Quiet Signs is only 27 minutes long, but it’s the sort of truly devastating album that it’s all too easy to find yourself lost in. Jessica Pratt’s distinctive, otherworldly voice, like something out of a dusky fantasy, can transport you to another place in just a handful of notes. The Los Angeles singer-songwriter’s first album recorded in a professional studio – her third overall – still carries over much of the DIY charm of her earlier efforts. Shrouded in the trippy haze of the 1960s folk scene, Pratt continues to find strength in simplicity.
Gradually and methodically expanding its sound, Quiet Signs begins at its most sparse, slowly blossoming into a bountiful and commanding torrent of sound. The chilling, instrumental piano exploration ”Opening Night” (borrowing its title from the 1977 John Cassavetes film) kicks off the hushed majestic journey with an entrancing meditation on the shifting tides of emotion. It is the following track, the muted,echoing acoustic guitar flourishes of ”As the World Turns,” where we first experience Jessica Pratt’s mystic, childlike wail, as we drift into a melodic dreamscape. By the time we reach the seductive and cosmic “Fare Thee Well,” it’s as though we’ve stumbled upon some forgotten corner of French New Wave cinema.

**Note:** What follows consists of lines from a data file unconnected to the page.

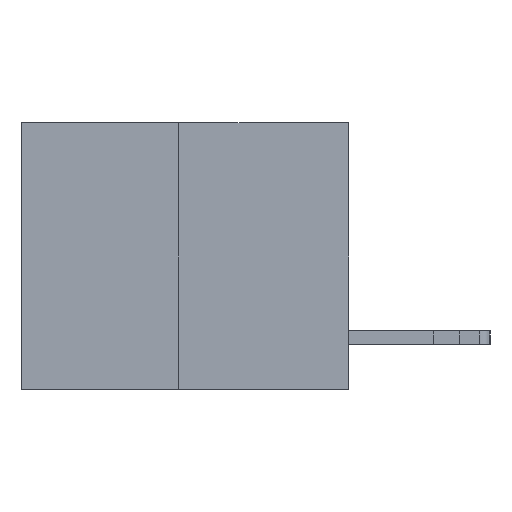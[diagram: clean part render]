
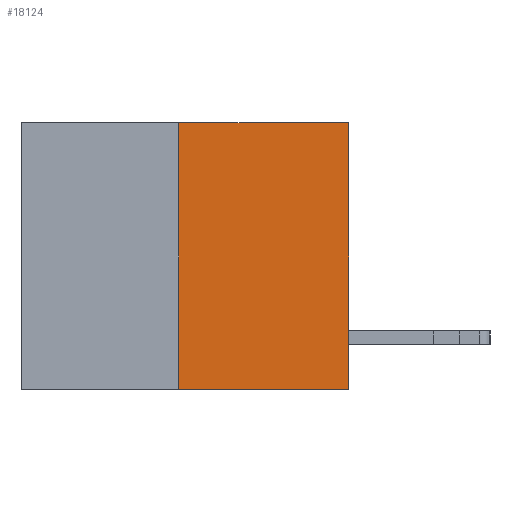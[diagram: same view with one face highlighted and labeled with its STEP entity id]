
A CAD part, left-side view. The second image highlights one B-rep face of the part: STEP entity #18124.
In plain terms, the highlighted planar face has unit normal (-1, 0, 0).
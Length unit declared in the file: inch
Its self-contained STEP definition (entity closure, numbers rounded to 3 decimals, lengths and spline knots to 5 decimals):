
#778 = ORIENTED_EDGE ( 'NONE', *, *, #14750, .T. ) ;
#2014 = EDGE_LOOP ( 'NONE', ( #3733, #5637, #778, #2788 ) ) ;
#2788 = ORIENTED_EDGE ( 'NONE', *, *, #7614, .F. ) ;
#3068 = EDGE_CURVE ( 'NONE', #5906, #4587, #11415, .T. ) ;
#3733 = ORIENTED_EDGE ( 'NONE', *, *, #15604, .F. ) ;
#3804 = FACE_OUTER_BOUND ( 'NONE', #2014, .T. ) ;
#4363 = CARTESIAN_POINT ( 'NONE',  ( 0., 0., -0.49 ) ) ;
#4587 = VERTEX_POINT ( 'NONE', #4363 ) ;
#4672 = AXIS2_PLACEMENT_3D ( 'NONE', #8918, #10711, #15853 ) ;
#5324 = PLANE ( 'NONE',  #4672 ) ;
#5369 = CARTESIAN_POINT ( 'NONE',  ( 0., 0.312, -0.49 ) ) ;
#5519 = LINE ( 'NONE', #5369, #8238 ) ;
#5637 = ORIENTED_EDGE ( 'NONE', *, *, #3068, .T. ) ;
#5906 = VERTEX_POINT ( 'NONE', #16751 ) ;
#6413 = CARTESIAN_POINT ( 'NONE',  ( 0., 0.312, 0. ) ) ;
#6832 = VECTOR ( 'NONE', #20211, 39.37008 ) ;
#7614 = EDGE_CURVE ( 'NONE', #12482, #22773, #12410, .T. ) ;
#7964 = VECTOR ( 'NONE', #14853, 39.37008 ) ;
#8238 = VECTOR ( 'NONE', #20971, 39.37008 ) ;
#8918 = CARTESIAN_POINT ( 'NONE',  ( 0., 0.6, 0. ) ) ;
#9259 = DIRECTION ( 'NONE',  ( 0., -1., 0. ) ) ;
#10284 = VECTOR ( 'NONE', #9259, 39.37008 ) ;
#10711 = DIRECTION ( 'NONE',  ( 1., 0., 0. ) ) ;
#11361 = CARTESIAN_POINT ( 'NONE',  ( 0., 0.6, 0. ) ) ;
#11415 = LINE ( 'NONE', #21807, #10284 ) ;
#12410 = LINE ( 'NONE', #11361, #6832 ) ;
#12482 = VERTEX_POINT ( 'NONE', #6413 ) ;
#14750 = EDGE_CURVE ( 'NONE', #4587, #22773, #16892, .T. ) ;
#14853 = DIRECTION ( 'NONE',  ( 0., 0., 1. ) ) ;
#15604 = EDGE_CURVE ( 'NONE', #5906, #12482, #5519, .T. ) ;
#15853 = DIRECTION ( 'NONE',  ( 0., 0., -1. ) ) ;
#16751 = CARTESIAN_POINT ( 'NONE',  ( 0., 0.312, -0.49 ) ) ;
#16892 = LINE ( 'NONE', #20114, #7964 ) ;
#18124 = ADVANCED_FACE ( 'NONE', ( #3804 ), #5324, .F. ) ;
#20114 = CARTESIAN_POINT ( 'NONE',  ( 0., 0., 0. ) ) ;
#20211 = DIRECTION ( 'NONE',  ( 0., -1., 0. ) ) ;
#20971 = DIRECTION ( 'NONE',  ( 0., 0., 1. ) ) ;
#21634 = CARTESIAN_POINT ( 'NONE',  ( 0., 0., 0. ) ) ;
#21807 = CARTESIAN_POINT ( 'NONE',  ( 0., 0.6, -0.49 ) ) ;
#22773 = VERTEX_POINT ( 'NONE', #21634 ) ;

With ”Here My Love,” Pratt picks up both the tone and the tempo, in a swirling ascension into a glowing world of optimism and endless possibility, even in its staunch anxiety. The staggering ecosystem perks up, giving way to buoyant tracks like ”Poly Blue,” the album’s jazzy, flowing centerpiece, and ”This Time Around,” a foggy, minimalist pop daydream. Even as the lyrics take a turn towards melancholy (“I don’t wanna try no longer, your songbird singing the darkest hour of the night / I don’t wanna find that I’ve been marching under the crueler side of the fight”), Pratt’s sedative inflection and meager instrumentation continue to sooth and inspire.
Of course, Quiet Signs is dominated by its visceral atmosphere. Whether it’s the faded harmony of eerie chamber piece ”Crossing” or the dark humor of reassuring and hypnotic ”Silent Song” (“I longed to stay with you / Or did I belong to my song? / Here I’ll wonder, soldier on”), Jessica Pratt is fascinated by her own ability to create vivid scenery, ensuring that the final product is an immersive sensory experience. As we reach the hopeful and psychedelic ”Aeroplane,” Pratt is taking a long hard look at the world around her and recounting in great detail all of life’s seemingly trivial eccentricities: “Reflection of your memory in the window / And beneath the plane, city lights are a-twinklin’ / And you wear them for a crown, over the neon, how / Soft, my morning comes, oh, when they lose their glow.”
Among its vulnerable anecdotes and understated reveries, Quiet Signs is able to make sense of the trials and triumphs of everyday existence. Time and time again, Jessica Pratt proves the enveloping radiance of minimalism, getting under her listeners’ skin with deceptively intricate tales of love and loss. Whereas most albums serve as background noise for other tasks, Quiet Signs is an undertaking unto itself. It demands a tremendous amount of its audience, but it returns the investment in abundance.